Where an asset is in a foreign jurisdiction, an English or New York law security agreement will typically include: (i) an express submission to jurisdiction; (ii) a waiver of immunity; (iii) an obligation on the grantor to take all steps necessary to perfect the security interest under the local lex situs; and (iv) a power of attorney authorising the secured party to take those steps on the grantor's behalf. In practice, enforcement against assets abroad still requires local counsel and local process — the governing law clause does not override the lex situs for in rem enforcement.
— The Convergence That Hasn't Quite Happened
Looking across these systems, the direction of travel is clear enough: towards functional unification, non-possessory security through registration, and insolvency-proof financial collateral for institutional counterparties through FCD-equivalent regimes.

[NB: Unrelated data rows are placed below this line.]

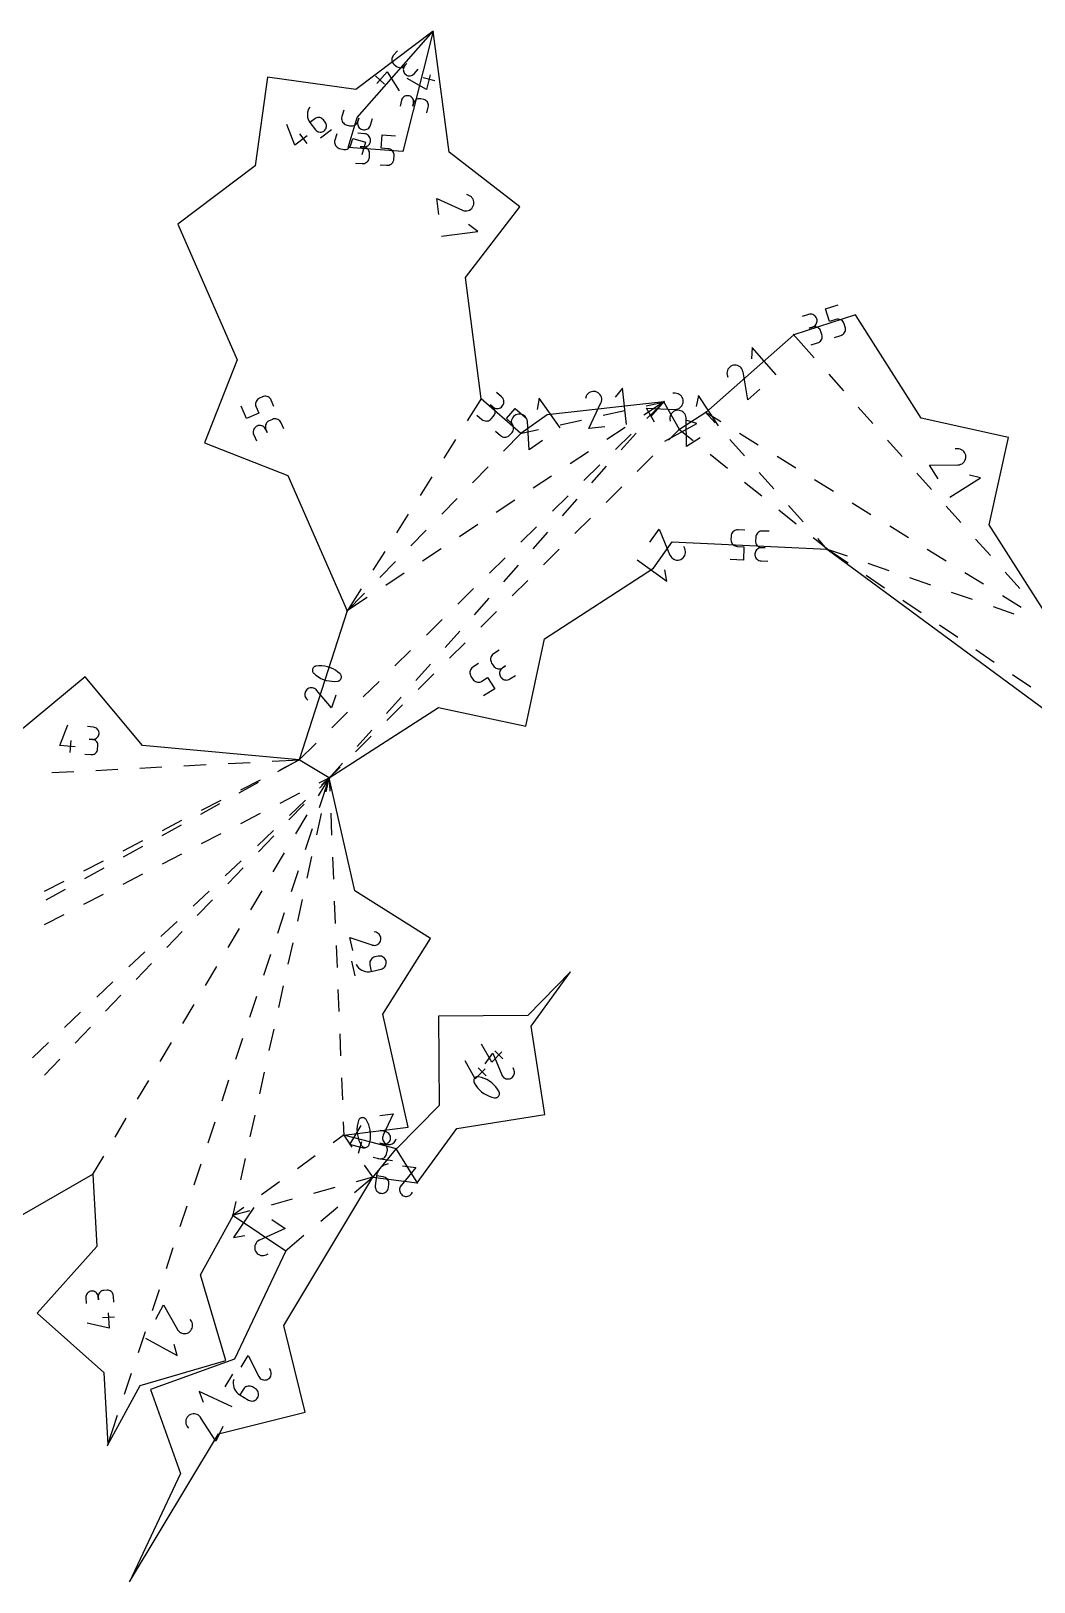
# Model space of a CAD drawing. Extents: x -2 to 214, y 3 to 282.
# Drawn here: x 22.54 to 47.75, y 204.78 to 243.75 of the extents above; entities that cross this region are included whole.
import ezdxf

# ---------------------------------------------------------------- set-up
doc = ezdxf.new("R2010")
doc.units = 0
doc.layers.add('Layer_1', color=7, linetype='CONTINUOUS')

msp = doc.modelspace()

# ---------------------------------------------------------------- linework, layer by layer
at = {"layer": 'Layer_1', "color": 5}
for points in [[(48.269419, 228.748644), (46.618627, 231.341462), (47.10516, 233.533172), (44.913447, 234.019705), (43.262663, 236.612523), (41.714204, 236.114725), (39.50372, 234.166415), (38.83637, 233.733549), (38.447436, 234.427421), (35.518435, 234.106277), (34.854388, 233.635844), (33.856602, 234.504002), (33.45955, 237.551977), (34.828681, 239.331244), (33.049418, 240.700378), (32.652363, 243.74835), (31.88922, 240.722621), (30.516184, 240.819758), (30.740329, 241.574205), (32.652363, 243.74835), (30.70812, 242.278021), (28.484371, 242.586659), (28.175733, 240.362911), (26.23149, 238.892579), (27.723158, 235.489681), (26.906555, 233.398393), (28.997843, 232.581794), (30.489514, 229.178892), (29.28155, 225.434865), (25.342864, 225.796021), (23.906952, 227.521845), (22.181128, 226.085934)], [(21.484632, 213.524364), (24.100984, 215.022086), (24.200531, 213.206), (22.702297, 211.533992), (24.374302, 210.035759), (24.473849, 208.219673), (25.286716, 209.709506), (27.440629, 210.342732), (26.807403, 212.496645), (27.62027, 213.986478), (28.943836, 213.099634), (27.657217, 210.373268), (25.544035, 209.615121), (26.302183, 207.501943), (25.01556, 204.775577), (27.257544, 208.501133), (29.436289, 209.042781), (28.894641, 211.221526), (31.136625, 214.947082), (32.250246, 214.809364), (33.241893, 216.17279), (35.459497, 216.522866), (35.109421, 218.740469), (36.101069, 220.103892), (35.026674, 219.011999), (32.781681, 218.993866), (32.799817, 216.748873), (31.725422, 215.65698), (30.405624, 216.00617), (32.02335, 216.205172), (31.381608, 219.044391), (32.580061, 220.942819), (30.681633, 222.141268), (30.039895, 224.980487), (32.780576, 226.752783), (34.975673, 226.281761), (35.446691, 228.476861), (38.187372, 230.249153), (38.658405, 230.912781), (42.548231, 230.731904), (48.697596, 226.196159)]]:
    msp.add_lwpolyline(points, dxfattribs=at)
at = {"layer": 'Layer_1', "color": 1}
for points in [[(31.750719, 243.247793), (31.649088, 243.13223), (31.649088, 243.13223), (31.632673, 243.109794), (31.620848, 243.085523), (31.613566, 243.059981), (31.610779, 243.033841), (31.612473, 243.007664), (31.618562, 242.982088), (31.629022, 242.957746), (31.643807, 242.935239), (31.662871, 242.915166), (31.720737, 242.864278), (31.720737, 242.864278), (31.743064, 242.847944), (31.767279, 242.836162), (31.792763, 242.828894), (31.818901, 242.826072), (31.84507, 242.827836), (31.87066, 242.833939), (31.895051, 242.844417), (31.917626, 242.859233), (31.937773, 242.878389), (31.988661, 242.936252), (31.937773, 242.878389), (31.937773, 242.878389), (31.921358, 242.855952), (31.909536, 242.831681), (31.902269, 242.80614), (31.899517, 242.779964), (31.901211, 242.753753), (31.907342, 242.728141), (31.917855, 242.703729), (31.932707, 242.681151), (31.951863, 242.661007), (31.951863, 242.661007), (31.97419, 242.644674), (31.998408, 242.632891), (32.023889, 242.625624), (32.050027, 242.622802), (32.076196, 242.624565), (32.101786, 242.630669), (32.126177, 242.641146), (32.148751, 242.655963), (32.168899, 242.675119), (32.27053, 242.790685)], [(31.197857, 242.619175), (31.428986, 242.415908)], [(31.237378, 242.430806), (31.491505, 242.71977), (31.794739, 242.248434)], [(32.573845, 242.650124), (32.479738, 242.276998), (31.994718, 242.557823)], [(32.695031, 242.500599), (32.396578, 242.575875)], [(32.490276, 241.688875), (32.527913, 241.8381), (32.527913, 241.8381), (32.532277, 241.865546), (32.531713, 241.892534), (32.526534, 241.918569), (32.517062, 241.943122), (32.503618, 241.965629), (32.486529, 241.985597), (32.466103, 242.002495), (32.442672, 242.015759), (32.416545, 242.024896), (32.341827, 242.043734), (32.341827, 242.043734), (32.314501, 242.048074), (32.287577, 242.047368), (32.261591, 242.042182), (32.237069, 242.032728), (32.214555, 242.019287), (32.194574, 242.002177), (32.177665, 241.981716), (32.164351, 241.958221), (32.155176, 241.931974), (32.136327, 241.85726), (32.155176, 241.931974), (32.155176, 241.931974), (32.159532, 241.959421), (32.158968, 241.986443), (32.153771, 242.012478), (32.144275, 242.037032), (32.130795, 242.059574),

The UNCITRAL Model Law on Secured Transactions (2016) represents the international consensus on best practice, and its influence is visible in Singapore's PPSA and ongoing reform discussions in Hong Kong.
But convergence has its limits. Germany retains its Sicherungsübereignung because reforming it would require confronting the Akzessorietät principle embedded in the BGB — a structural reform no German legislature has found the appetite for. Switzerland retains its Faustpfand requirement for ZGB reasons, though FISA has carved out the financial markets space where it matters most. France's fiducie-sûreté is uniquely powerful but uniquely restricted in who can operate it. England's floating charge — crystallisation mechanics, preferential creditor subordination, prescribed part, and all — remains without equivalent in any civil law system, and no civil law legislature has attempted to import it.
Legal qualification is the second step in a sequence, not the last. Financial reporting treatment and tax characterisation both follow from it — and neither can be resolved until the legal position is clear. A structure whose legal nature is ambiguous will produce ambiguous accounting and contested tax outcomes. The sequence runs in one direction only: economic exposure first, legal qualification second, and reporting and tax thereafter. Reversing it, or skipping steps, is where most analytical errors originate.
For the practitioner structuring cross-border security, the lesson is consistent: governing law clauses solve the contractual question, not the in rem question. The lex situs of each asset class determines whether a security interest is perfected, prioritised, and enforceable against third parties and insolvency officeholders in the jurisdiction where it matters. Local counsel, local perfection steps, and local enforcement mechanics remain irreplaceable — regardless of which system's elegance you prefer in the abstract.
Singapore's PPSA adoption is the most consequential shift in Asian secured transactions law since Hong Kong adopted the English floating charge in the nineteenth century — and Hong Kong has not yet followed.
This article represents the analytical views of the author in a personal capacity and is intended for informational purposes only. It does not constitute legal, regulatory, or investment advice and should not be relied upon as such. Readers should seek independent professional advice before acting on any matter discussed herein.